We must ensure that everyone has access to a fair and equitable system. The bill before the House will enable the Commonwealth to set up a system for handling the financial and property matters of de facto couples. The federal family courts will deal in the one proceeding with both financial and child matters for separated de facto couples. It will provide greater protection for separating de facto couples and simplify the laws governing them. That is a good thing.
This bill also introduces equality for de factos with regard to their superannuation. And isn’t the superannuation tale a wonderful Labor tale? Think of the sacrifices that Prime Ministers Hawke and Keating had to make to introduce superannuation to the Australian people. Once upon a time it was only a couple of coalminers, a couple of farmers and a few well-off people that had superannuation, whereas now normal working people—people working in bars and the like—have superannuation assets that they are able to talk about and look at online to see how their retirement plans are progressing. That is a wonderful achievement for the Labor Party and those Labor governments.
The legislation before us allows de facto couples to split their superannuation interests in the event that they separate. I note that this has been available to married couples under the Family Law Act since 2002, but not to de facto couples.

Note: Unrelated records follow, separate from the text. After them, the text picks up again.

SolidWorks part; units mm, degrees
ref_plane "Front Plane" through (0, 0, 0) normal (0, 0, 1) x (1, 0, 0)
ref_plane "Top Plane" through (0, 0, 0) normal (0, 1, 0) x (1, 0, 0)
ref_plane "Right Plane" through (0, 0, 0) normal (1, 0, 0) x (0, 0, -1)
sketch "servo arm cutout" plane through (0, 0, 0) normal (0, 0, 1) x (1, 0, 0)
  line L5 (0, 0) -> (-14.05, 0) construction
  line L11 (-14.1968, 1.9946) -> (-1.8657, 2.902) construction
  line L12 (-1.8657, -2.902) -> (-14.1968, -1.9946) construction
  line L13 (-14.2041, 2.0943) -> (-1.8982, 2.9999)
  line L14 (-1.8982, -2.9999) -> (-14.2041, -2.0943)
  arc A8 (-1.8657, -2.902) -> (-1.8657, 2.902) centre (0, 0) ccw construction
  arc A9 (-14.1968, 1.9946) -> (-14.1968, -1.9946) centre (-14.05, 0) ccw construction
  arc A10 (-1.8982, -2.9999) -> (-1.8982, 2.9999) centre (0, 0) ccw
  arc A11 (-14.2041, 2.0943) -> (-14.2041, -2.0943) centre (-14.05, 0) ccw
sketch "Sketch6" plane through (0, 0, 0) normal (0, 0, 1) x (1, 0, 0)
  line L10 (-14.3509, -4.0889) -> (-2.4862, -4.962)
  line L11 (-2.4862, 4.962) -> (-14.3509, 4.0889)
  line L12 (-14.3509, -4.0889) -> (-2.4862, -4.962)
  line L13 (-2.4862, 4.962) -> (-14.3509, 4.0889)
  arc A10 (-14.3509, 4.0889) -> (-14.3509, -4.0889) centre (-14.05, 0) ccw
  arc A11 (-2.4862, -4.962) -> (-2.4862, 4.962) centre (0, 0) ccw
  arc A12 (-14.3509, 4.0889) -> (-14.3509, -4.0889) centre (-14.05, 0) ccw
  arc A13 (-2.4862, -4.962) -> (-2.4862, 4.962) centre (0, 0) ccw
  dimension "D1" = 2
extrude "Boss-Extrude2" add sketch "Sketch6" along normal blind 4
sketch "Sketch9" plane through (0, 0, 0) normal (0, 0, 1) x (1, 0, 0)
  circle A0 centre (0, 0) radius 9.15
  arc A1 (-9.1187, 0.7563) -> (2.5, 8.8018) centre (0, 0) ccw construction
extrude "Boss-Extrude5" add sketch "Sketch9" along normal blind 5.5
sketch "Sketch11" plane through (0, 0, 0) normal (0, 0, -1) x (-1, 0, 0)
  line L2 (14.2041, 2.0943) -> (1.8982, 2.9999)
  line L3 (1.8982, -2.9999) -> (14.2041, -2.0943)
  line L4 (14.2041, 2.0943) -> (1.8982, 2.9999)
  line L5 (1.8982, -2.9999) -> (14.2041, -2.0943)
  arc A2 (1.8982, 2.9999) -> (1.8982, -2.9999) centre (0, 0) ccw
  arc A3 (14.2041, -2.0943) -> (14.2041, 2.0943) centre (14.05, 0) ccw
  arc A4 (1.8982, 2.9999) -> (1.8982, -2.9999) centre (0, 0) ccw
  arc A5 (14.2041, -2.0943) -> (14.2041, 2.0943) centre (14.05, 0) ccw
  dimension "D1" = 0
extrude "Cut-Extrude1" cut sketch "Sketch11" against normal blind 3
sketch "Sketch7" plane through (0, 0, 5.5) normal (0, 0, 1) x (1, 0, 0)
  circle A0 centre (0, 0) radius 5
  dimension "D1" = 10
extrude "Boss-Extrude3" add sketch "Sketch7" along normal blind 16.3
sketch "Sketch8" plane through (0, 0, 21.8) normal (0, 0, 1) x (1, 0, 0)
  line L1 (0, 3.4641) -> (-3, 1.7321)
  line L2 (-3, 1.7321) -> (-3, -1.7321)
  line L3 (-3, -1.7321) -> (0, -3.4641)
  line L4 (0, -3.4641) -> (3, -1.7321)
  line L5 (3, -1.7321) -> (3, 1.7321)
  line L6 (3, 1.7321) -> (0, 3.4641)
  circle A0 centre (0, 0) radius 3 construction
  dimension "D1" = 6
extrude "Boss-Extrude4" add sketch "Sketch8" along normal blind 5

These reforms will apply to de facto relationships that have lasted for two years or more or for a shorter time than that if there is a child from the relationship.
This bill does not discriminate on the basis of sexuality. It redefines ‘de facto relationship’ to apply to both opposite-sex and same-sex de facto couples.
I especially welcome the support for the bill from that esteemed body the Law Council of Australia. Law Council President Ross Ray QC—that is Ross Ray, not Robert Ray; he was a different legal authority enforcing a different set of rules!—said:
Any step towards eliminating discrimination brings us closer to meeting our international human rights obligations, makes us a fairer, more just community and ought to be greeted with strong approval.
That is strong praise indeed from the Law Council of Australia.
That other august body the Human Rights and Equal Opportunity Commission have also given their support to the intent of this bill to remove discrimination against same-sex couples and their children. When HREOC says something, it is a good idea to listen. HREOC is a pretty good weathervane as to where the winds of fairness are blowing. To quote the great poet and songwriter Bob Dylan, from his song Subterranean Homesick Blues:
Keep a clean nose
Watch the plain clothes
You don’t need a weather man
To know which way the wind blows
When HREOC is coming out in support of this legislation, it is a very good thing. I too support this bill, because it is right that separating de facto couples should have the same rights as divorcing couples. I commend the bill to the House.